Vijay Patil, executive editor of Jeewan Marg, the CPI(M)’s weekly magazine, has taken up one corner of the stage as the meeting is in progress. With him is Dharma Shinde, another comrade. They are counting and making stacks of the magazine. Ashok Dhawale, in his speech, asks the farmers to buy the two special issues of Jeewan Marg, which have write-ups and photos of the Kisan Long March. The two together cost Rs 15. As soon as the announcement is made, one by one people start inching their way to the stage and collecting copies for their groups. Then the copies are distributed to the farmers, who each pay for it. As I move around, I see farmers reading the magazine, looking at the photos, pointing out faces, smiling. “Many of them can’t read,” Kisan Gujar tells me later. “But they’ll all buy the issues, take them home and get their children or grandchildren to read it to them. Not this or that article. The whole issue, cover to cover. If you come here twenty years later, you’ll find these two special issues in many homes. Why? Because they’re about the Long March. The farmers know they’ve done something historic. And they are proud.” Over 1,000 sets of the magazine were sold that day, till they ran out of copies. Many more would have sold, if only they had stock. After the rally ends, I find many people ruing that they were right at the back, so couldn’t get to the stage in time.
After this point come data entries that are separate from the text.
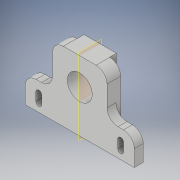
# Autodesk Inventor part: OldhamCouplerTop
Saved by Autodesk Inventor 2018 (Build 220112000, 112)
## iProperties
Created: 2017-10-05
Part Number: OldhamCouplerTop
Material: Generic
Document SubType Name: Modeling
Designer: Jurjen
Density: 1 g/cm^3
Appearance: Default
Author: Jurjen
Autodesk Inventor part; units mm, degrees
ref_plane "XZ Plane" through (0, 0, 0) normal (0, 1, 0) x (-1, 0, 0)
ref_plane "XY Plane" through (0, 0, 0) normal (0, 0, 1) x (1, 0, 0)
sketch "Sketch1" plane through (0, 0, 0) normal (0, 0, 1) x (1, 0, 0)
  line L0 (-20, 31) -> (20, 31)
  line L1 (20, 31) -> (20, 0)
  line L2 (-20, 0) -> (-20, 31)
  line L3 (40, 0) -> (40, -20)
  line L4 (40, -20) -> (-40, -20)
  line L5 (-40, -20) -> (-40, 0)
  line L6 (-40, 0) -> (-20, 0)
  line L7 (20, 0) -> (40, 0)
  circle A0 centre (0, 11) radius 9.125
  point P0 (0, 0)
  point P1 (0, 31)
  point P2 (0, -20)
  dimension "d0" = 80
  dimension "d1" = 20
  dimension "d2" = 40
  dimension "d3" = 31
  dimension "d6" = 18.25
  dimension "d7" = 20
  constraints: 16 end point, 4 parallel, 3 horizontal, 3 perpendicular, 3 vertical alignment, 2 horizontal alignment, 2 midpoint, 1 centre point
  measures "d0" distance of L3.end L4.end
  measures "d1" distance of L3.start L3.end
  measures "d2" distance of L0.start L0.end
  measures "d3" distance of L0.end L1.end
  measures "d6" diameter of A0
  measures "d7" distance from line of L0 A0.centre
extrude "Extrusion1" add sketch "Sketch1" along normal blind 6.5 contours L0 L1 L7 L3 L4 L5 L6 L2 | A0
sketch "Sketch2" plane through (0, 0, 6.5) normal (0, 0, 1) x (1, 0, 0)
  circle A0 centre (0, 11) radius 9.125
  line L0 (20, 31) -> (-20, 31) projected
  point P0 (0, 0)
  dimension "d8" = 20
  dimension "d9" = 18.25
  constraints: 1 centre point
  measures "d8" distance from line of L0 A0.centre
  measures "d9" diameter of A0
sketch "Sketch3" plane through (0, 0, 0) normal (0, 0, -1) x (-1, 0, 0)
  line L0 (-20, 31) -> (20, 31) projected
  line L1 (40, -20) -> (-40, -20) projected
  line L2 (20, 31) -> (-20, 31)
  line L3 (-20, 31) -> (-20, -20)
  line L4 (-20, -20) -> (20, -20)
  line L5 (20, -20) -> (20, 31)
  point P0 (0, 0)
  point P1 (-20, 5.5)
  point P2 (-20, 0)
  constraints: 8 end point, 2 parallel, 1 horizontal, 1 midpoint, 1 perpendicular, 1 point on line, 1 vertical alignment
extrude "Extrusion2" add sketch "Sketch3" along normal blind 3.5
sketch "Sketch4" plane through (0, 0, -3.5) normal (0, 0, -1) x (-1, 0, 0)
  line L0 (-20, 31) -> (20, 31) projected
  line L1 (-20, -20) -> (20, -20) projected
  line L2 (11.85, 31) -> (-11.85, 31)
  line L3 (-11.85, 31) -> (-11.85, -20)
  line L4 (-11.85, -20) -> (11.85, -20)
  line L5 (11.85, -20) -> (11.85, 31)
  point P0 (0, 0)
  point P1 (0, 31)
  dimension "d12" = 23.7
  constraints: 8 end point, 2 parallel, 2 point on line, 1 horizontal, 1 midpoint, 1 perpendicular, 1 vertical alignment
  measures "d12" distance between parallel lines of L3 L5
extrude "Extrusion3" add sketch "Sketch4" along normal blind 5
extrude "Extrusion4" cut sketch "Sketch2" against normal up to next
fillet "Fillet1" radius 8 6 edges at (-20, 31, 1.5) (-40, 0, 3.25) (20, 31, 1.5) (-20, 0, 3.25) (40, 0, 3.25) (20, 0, 3.25)
sketch "Sketch5" plane through (0, 0, 0) normal (0, 0, -1) x (-1, 0, 0)
  arc A0 (27.9, -14) -> (32.1, -14) centre (30, -14) ccw
  arc A1 (32.1, -7.88) -> (27.9, -7.88) centre (30, -7.88) ccw
  line L0 (32.1, -7.88) -> (32.1, -14)
  line L1 (27.9, -7.88) -> (27.9, -14)
  line L2 (40, -20) -> (40, -8) projected
  line L3 (20, -20) -> (40, -20) projected
  point P0 (0, 0)
  dimension "d18" = 4.2
  dimension "d19" = 6.12
  dimension "d20" = 10
  dimension "d21" = 6
  constraints: 4 end point, 4 point on circle, 3 tangent, 2 centre point, 2 vertical, 1 equal radius
  measures "d18" diameter of A1
  measures "d19" distance of L0.start L0.end
  measures "d20" distance from line of L2 A0.centre
  measures "d21" distance from line of L3 A0.centre
extrude "Extrusion5" cut sketch "Sketch5" against normal up to next
mirror "Mirror1" about plane through (0, 0, 0) normal (1, 0, 0) of "Extrusion5"
body "Solid1"

Earlier in the day, I had seen how farmers paid Rs 5 each for the red cap. That they will take home, of course. At the end of the rally, an announcement is made from the stage to return the red flags, so they can be used again. Again, people start collecting the flags and returning them. The red flag is called lal jhenda in standard, urban Marathi, but it is called the much more endearing lal bawta in villages. One of the popular slogans is: Lal Bawte Ki – Jai! (Victory to the Red Flag!) The Communist Party (irrespective of which particular one it may be) is called Lal Bawta Party. The poorest farmers, tribals, Dalits, and women, the marginalized of the marginalized, owe their allegiance not to this or that leader, but to the lal bawta.
As I pass a young boy rounding up flags, I ask him what he’s doing.
“Collecting flags so that people don’t take them home.”
“Why?” I ask.
“We need them for the future,” he says. Then, in Hindi, “Aage aur ladai hai.” I smile, and he smiles, because we both know the popular slogan he is quoting,
Abhi toh yeh angdai haiAage aur ladai haiThis was but an arm stretchMany battles lie ahead.